There will always be people from out of state and guys like me that use the pike maybe a dozen times a year ?

Just government inventing new ways to separate you from your cash


----------



## Kilvinsky (Jan 15, 2007)

Personally, I cannot stand the thought of the Commonwealth having access to my bank account. We all recall the poor slob who was charged over 400 for, what was it, 3 trips over the Tobin bridge? MassDot especially is run by morons who wouldn't be able to pass the entrance exam to the Fernald School.
I use the Pike every day that I work a detail, which is frequent.
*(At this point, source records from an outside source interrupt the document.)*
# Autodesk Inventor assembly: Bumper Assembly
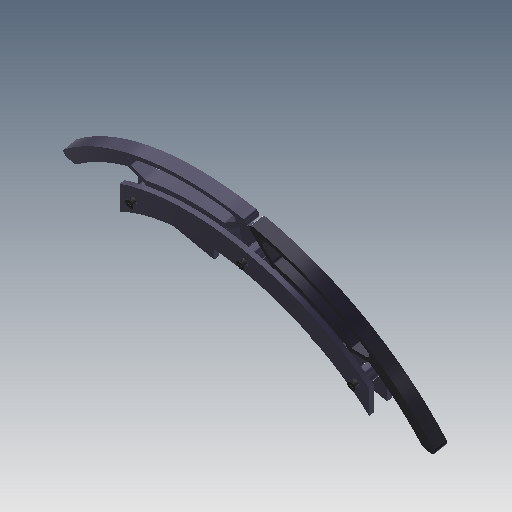
[picture p0: Inventor's stored thumbnail of the model, 512x512]
Saved by Autodesk Inventor 2017 (Build 210142000, 142)
## iProperties
Created: 2017-05-08
Part Number: Bumper Assembly
Document SubType Name: Assembly
Designer: zallen
Author: zallen
## Documents named in this file (12)
- C:\Users\zallen\Documents\GitHub\cr-laundry-robot\src\Base\Bumper Assembly\Bumper Assembly.iam
- C:\Users\zallen\Documents\GitHub\cr-laundry-robot\src\Base\Bumper Assembly\Bumper.ipt
- C:\Users\zallen\Documents\GitHub\cr-laundry-robot\src\Base\Bumper Assembly\Base.ipt
- C:\Users\zallen\Documents\GitHub\cr-laundry-robot\lib\Microswitch\botonera.iam
- C:\Users\zallen\Documents\GitHub\cr-laundry-robot\src\Base\Bumper Assembly\Bumper Assembly\Design Accelerator\Bolted Connection1.iam
- C:\Users\zallen\Documents\GitHub\cr-laundry-robot\src\Base\Bumper Assembly\Bumper Assembly\Design Accelerator\Bolted Connection2.iam
- C:\Users\zallen\Documents\GitHub\cr-laundry-robot\src\Base\Bumper Assembly\Bumper Assembly\Design Accelerator\Bolted Connection5.iam
- C:\Users\zallen\Documents\GitHub\cr-laundry-robot\src\Base\Bumper Assembly\Bumper Assembly\Design Accelerator\Bolted Connection6.iam
- C:\Users\zallen\Documents\GitHub\cr-laundry-robot\src\Base\Bumper Assembly\BaseCover.ipt
- C:\Users\zallen\Documents\GitHub\cr-laundry-robot\src\Base\Bumper Assembly\Bumper Assembly\Design Accelerator\Bolted Connection7.iam
- C:\Users\zallen\Documents\GitHub\cr-laundry-robot\src\Base\Bumper Assembly\Bumper Assembly\Design Accelerator\Bolted Connection8.iam
- C:\Users\zallen\Documents\GitHub\cr-laundry-robot\src\Base\Bumper Assembly\Bumper Assembly\Design Accelerator\Bolted Connection9.iam
## Components (13 placed, 5 different names)
1. Bumper:1 — Mate:5, Mate:36
2. Bumper:2 — Mate:3, Mate:4
3. Base:1 — Mate:3, Mate:4, Mate:5, Mate:8, Mate:17, Mate:18, Mate:19, Mate:20, Mate:21, Mate:26, Mate:27, Mate:28, Mate:29, Mate:31, Mate:33, Mate:35, Mate:36
4. botonera:1 [sub-assembly] — Mate:8, Mate:13, Mate:14, Mate:15, Mate:16, Mate:20, Mate:21
5. botonera:2 [sub-assembly] — Mate:17, Mate:18, Mate:19, Mate:22, Mate:23, Mate:24, Mate:25
6. Bolted Connection:1 [sub-assembly] — Mate:13, Mate:14
7. Bolted Connection:2 [sub-assembly] — Mate:15, Mate:16
8. Bolted Connection:3 [sub-assembly] — Mate:22, Mate:23
9. Bolted Connection:4 [sub-assembly] — Mate:24, Mate:25
10. BaseCover:1 — Mate:26, Mate:27, Mate:28, Mate:29, Mate:30, Mate:32, Mate:34
11. Bolted Connection:5 [sub-assembly] — Mate:30, Mate:31
12. Bolted Connection:6 [sub-assembly] — Mate:32, Mate:33
13. Bolted Connection:7 [sub-assembly] — Mate:34, Mate:35
## Relationships (28: Mate 28)
- Mate:3: Bumper:2 ↔ Base:1
- Mate:4: Bumper:2 ↔ Base:1
- Mate:5: Bumper:1 ↔ Base:1
- Mate:8: Base:1 ↔ botonera:1
- Mate:13: botonera:1 ↔ Bolted Connection:1
- Mate:14: botonera:1 ↔ Bolted Connection:1
- Mate:15: botonera:1 ↔ Bolted Connection:2
- Mate:16: botonera:1 ↔ Bolted Connection:2
- Mate:17: Base:1 ↔ botonera:2
- Mate:18: Base:1 ↔ botonera:2
- Mate:19: Base:1 ↔ botonera:2
- Mate:20: Base:1 ↔ botonera:1
- Mate:21: Base:1 ↔ botonera:1
- Mate:22: botonera:2 ↔ Bolted Connection:3
- Mate:23: botonera:2 ↔ Bolted Connection:3
- Mate:24: botonera:2 ↔ Bolted Connection:4
- Mate:25: botonera:2 ↔ Bolted Connection:4
- Mate:26: Base:1 ↔ BaseCover:1
- Mate:27: Base:1 ↔ BaseCover:1
- Mate:28: Base:1 ↔ BaseCover:1
- Mate:29: Base:1 ↔ BaseCover:1
- Mate:30: BaseCover:1 ↔ Bolted Connection:5
- Mate:31: Base:1 ↔ Bolted Connection:5
- Mate:32: BaseCover:1 ↔ Bolted Connection:6
- Mate:33: Base:1 ↔ Bolted Connection:6
- Mate:34: BaseCover:1 ↔ Bolted Connection:7
- Mate:35: Base:1 ↔ Bolted Connection:7
- Mate:36: Bumper:1 ↔ Base:1

I'm happy to pay the $1.25 (well, I was happier when that money was used exclusively for the Pike) and prefer to pay cash. Sure, being stuck behind someone who says, "Oh, I have to PAY? Ok, let me see if I can find that....." but honestly, shit happens. I'm more terrified of the assholes who blow through the EZ Pass lanes and nearly kill me as I pull away from the toll booth.

FINE ME for not allowing you access to my PERSONAL ACCOUNT!?!?!? REALLY?
I used to be a naïve idiot who had faith in my state government, knowing that everyone makes mistakes. Now I feel this government IS a mistake and many hard working people are the ones being screwed. Pahapoika, I could not agree more. Soon as I get a transponder, I think I'll file for bankruptcy.


----------



## Goose (Dec 1, 2004)

Kilvinsky said:


> Personally, I cannot stand the thought of the Commonwealth having access to my bank account. We all recall the poor slob who was charged over 400 for, what was it, 3 trips over the Tobin bridge? MassDot especially is run by morons who wouldn't be able to pass the entrance exam to the Fernald School.
> I use the Pike every day that I work a detail, which is frequent. I'm happy to pay the $1.25 (well, I was happier when that money was used exclusively for the Pike) and prefer to pay cash. Sure, being stuck behind someone who says, "Oh, I have to PAY? Ok, let me see if I can find that....." but honestly, shit happens. I'm more terrified of the assholes who blow through the EZ Pass lanes and nearly kill me as I pull away from the toll booth.
> 
> FINE ME for not allowing you access to my PERSONAL ACCOUNT!?!?!? REALLY?
> I used to be a naïve idiot who had faith in my state government, knowing that everyone makes mistakes. Now I feel this government IS a mistake and many hard working people are the ones being screwed. Pahapoika, I could not agree more. Soon as I get a transponder, I think I'll file for bankruptcy.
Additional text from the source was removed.